● WHAT YOU NEED TO DO
Filter the listing so that only lines with the word "Resist" remain.

══ MATERIAL FOR THIS TASK

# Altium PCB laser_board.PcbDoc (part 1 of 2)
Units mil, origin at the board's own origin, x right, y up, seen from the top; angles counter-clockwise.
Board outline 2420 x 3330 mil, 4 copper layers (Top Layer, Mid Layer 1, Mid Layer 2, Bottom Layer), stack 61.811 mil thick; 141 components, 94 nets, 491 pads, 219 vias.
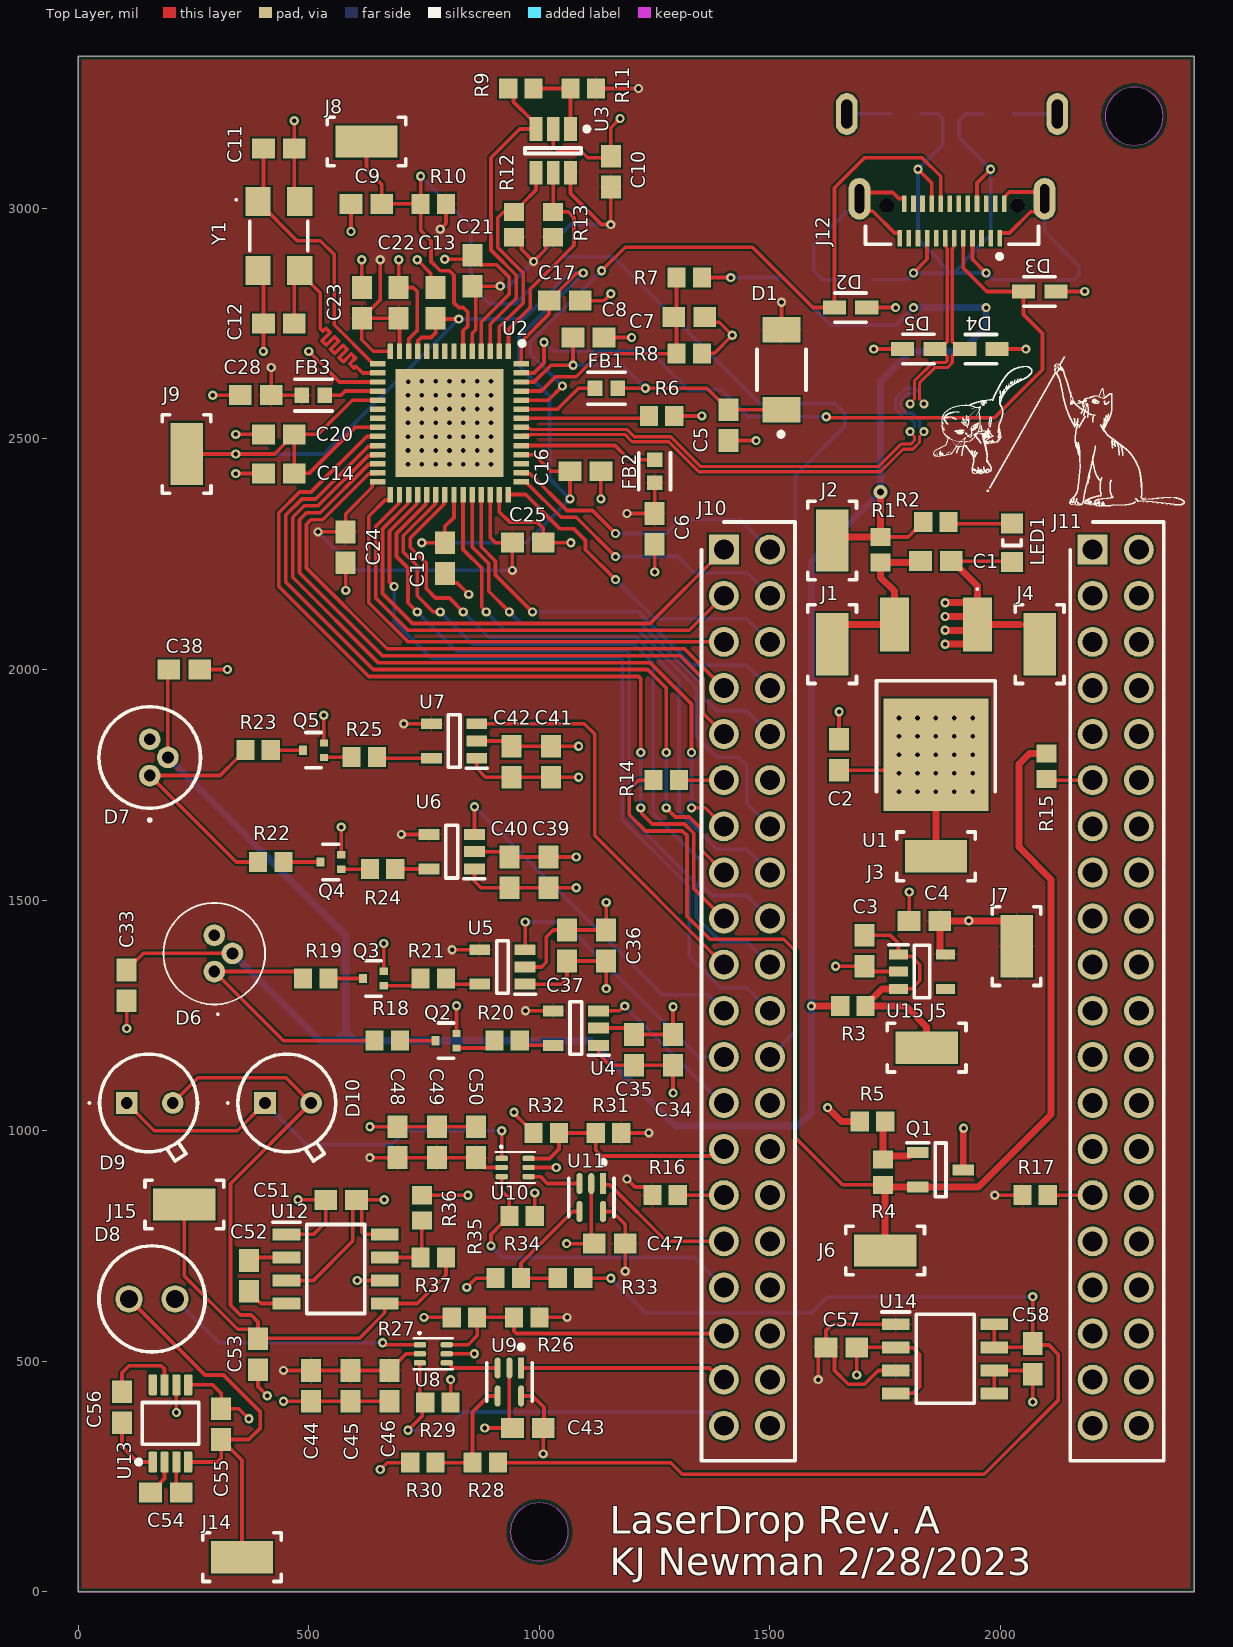
[diagram p0: Top Layer view]
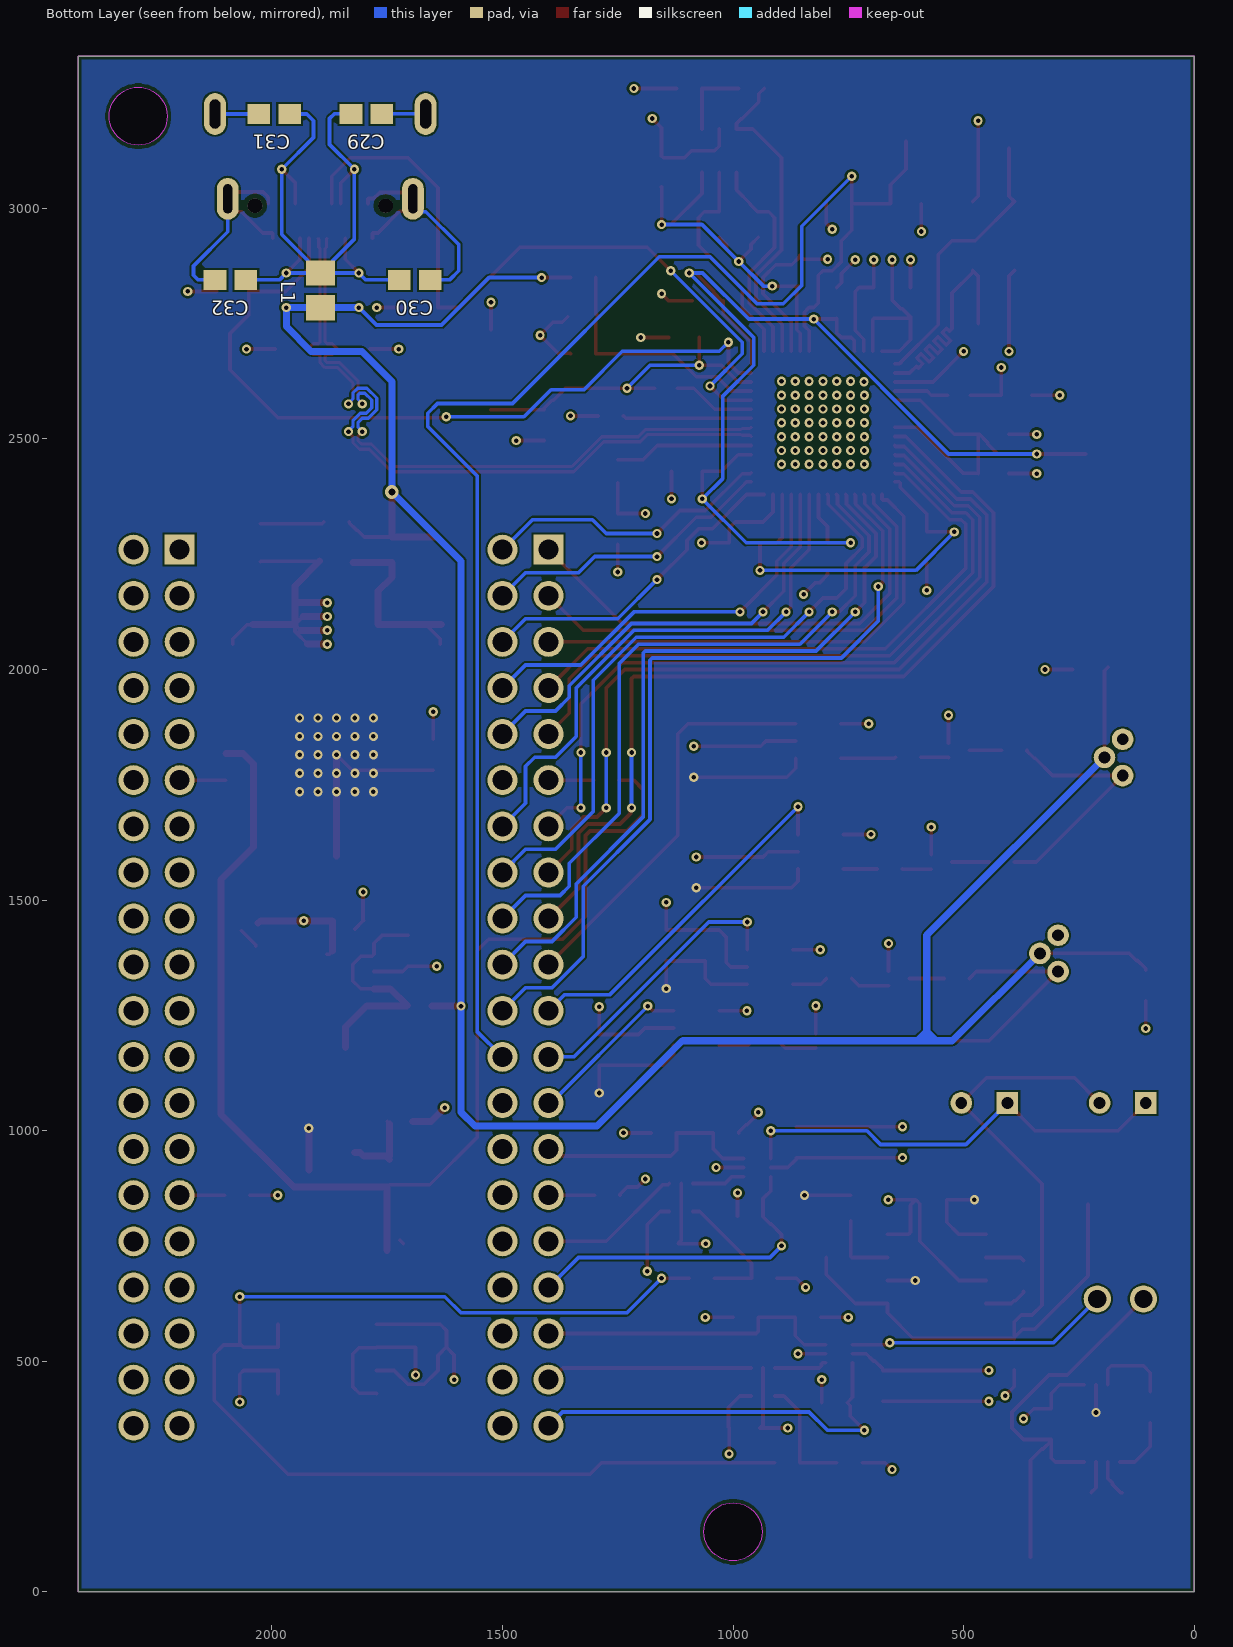
[diagram p1: Bottom Layer view, seen from below]
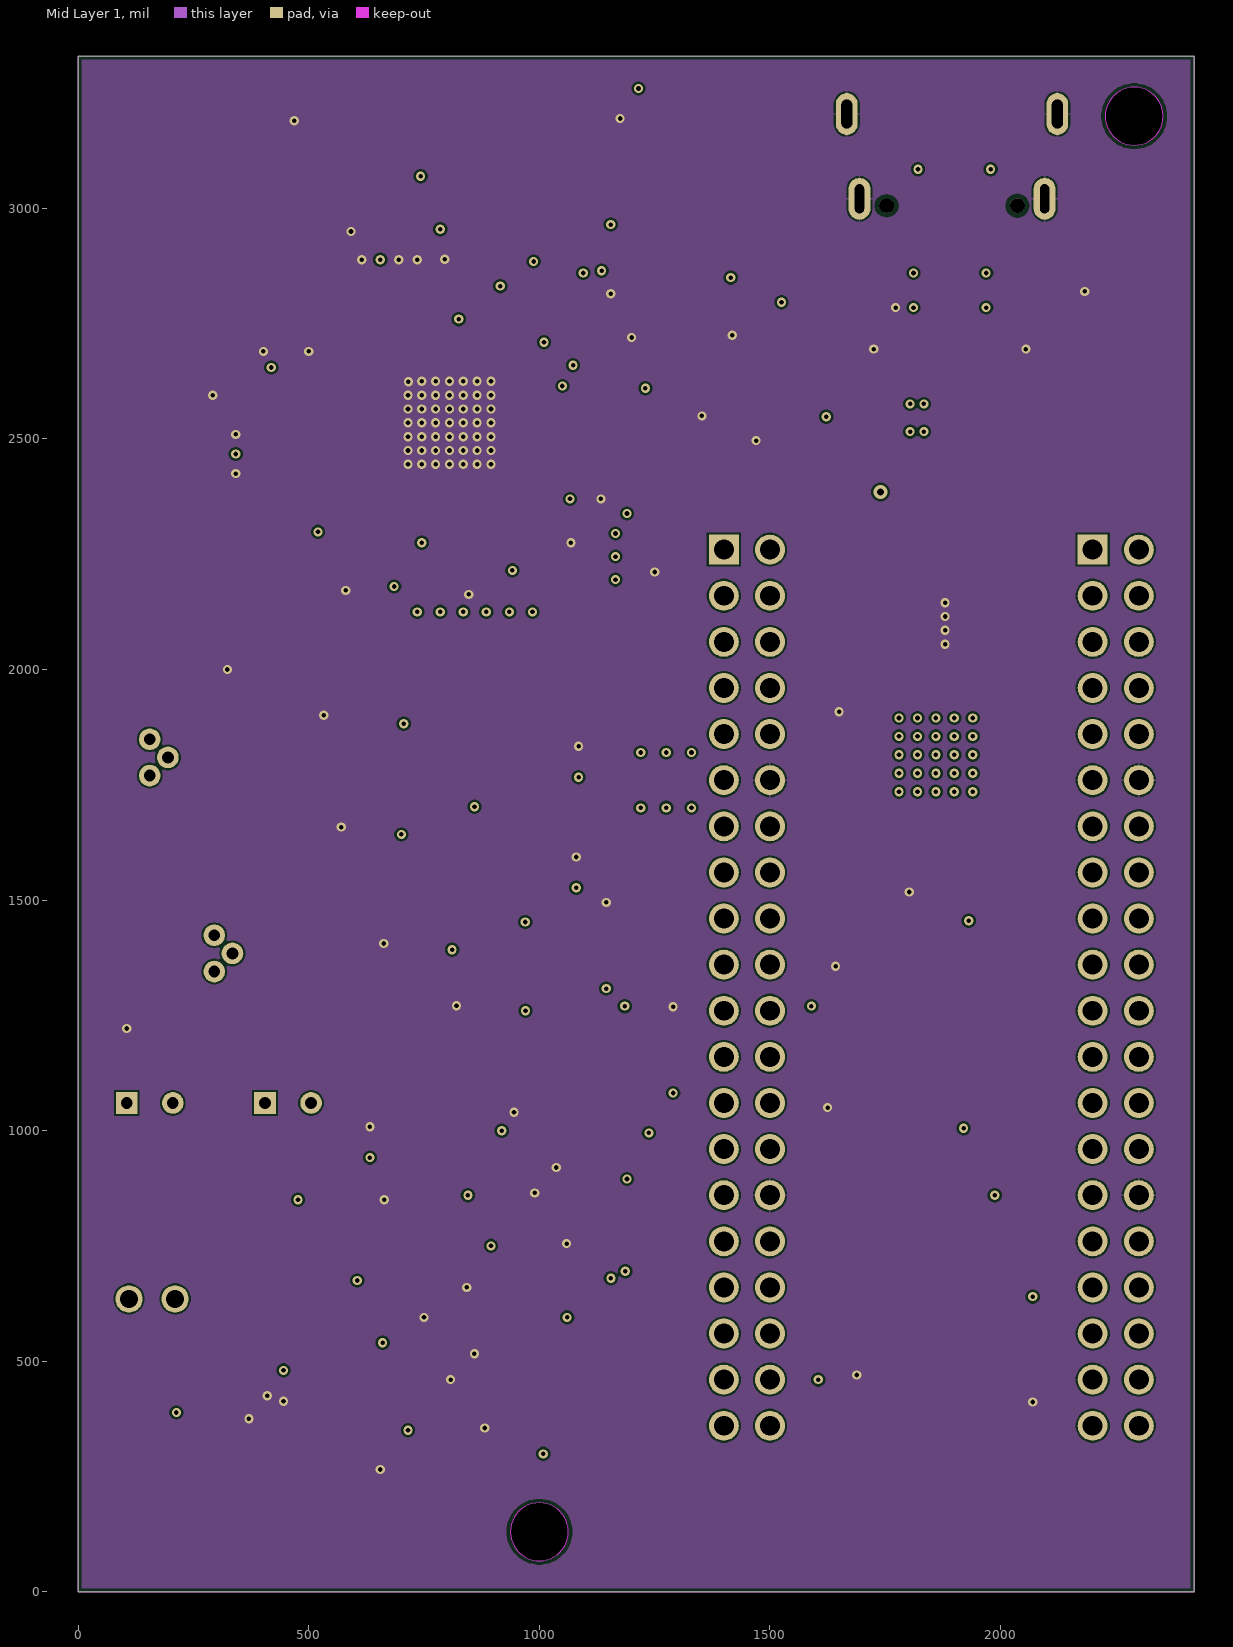
[diagram p2: Mid Layer 1]
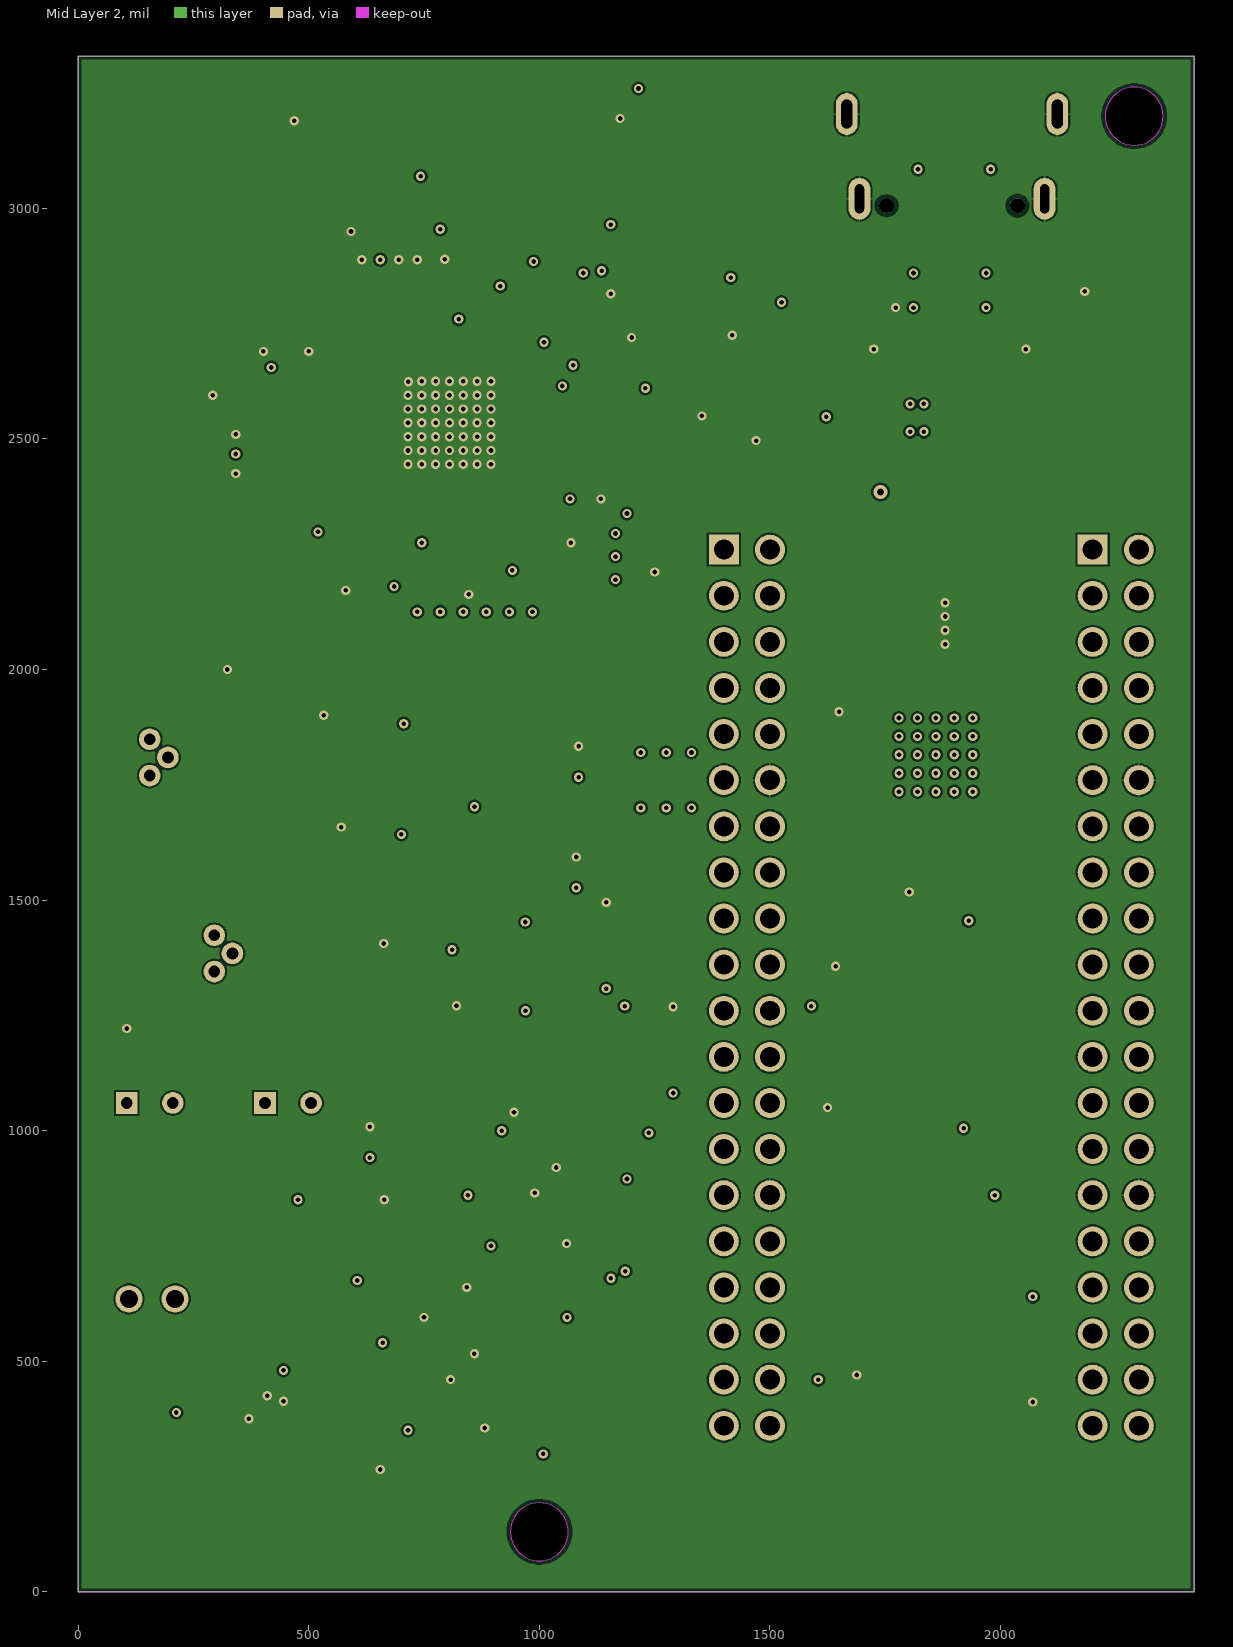
[diagram p3: Mid Layer 2]

## Layer stack, top to bottom
Top Solder: solder mask 0.5, Solder Resist, Dk 3.8
Top Layer: signal copper 1.378
Dielectric 1: prepreg 7.874, 7628, Dk 4.6
Mid Layer 1: signal copper 0.689
Core: core 41.929, FR-4, Dk 4.5
Mid Layer 2: signal copper 0.689
Dielectric 2: prepreg 7.874, 7628, Dk 4.6
Bottom Layer: signal copper 1.378
Bottom Solder: solder mask 0.5, Solder Resist, Dk 3.8

## Board outline
0,0 2420,0 2420,3330 0,3330
cut-out: 2227.01,3200 ccw(c2290,3200) 2290,3137.01 ccw(c2290,3200) 2352.99,3200 ccw(c2290,3200) 2290,3262.99 ccw(c2290,3200)
cut-out: 937.01,130 ccw(c1000,130) 1000,67.01 ccw(c1000,130) 1062.99,130 ccw(c1000,130) 1000,192.99 ccw(c1000,130)

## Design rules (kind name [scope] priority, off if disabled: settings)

════

● SOLUTION TO THIS TASK
Top Solder: solder mask 0.5, Solder Resist, Dk 3.8
Bottom Solder: solder mask 0.5, Solder Resist, Dk 3.8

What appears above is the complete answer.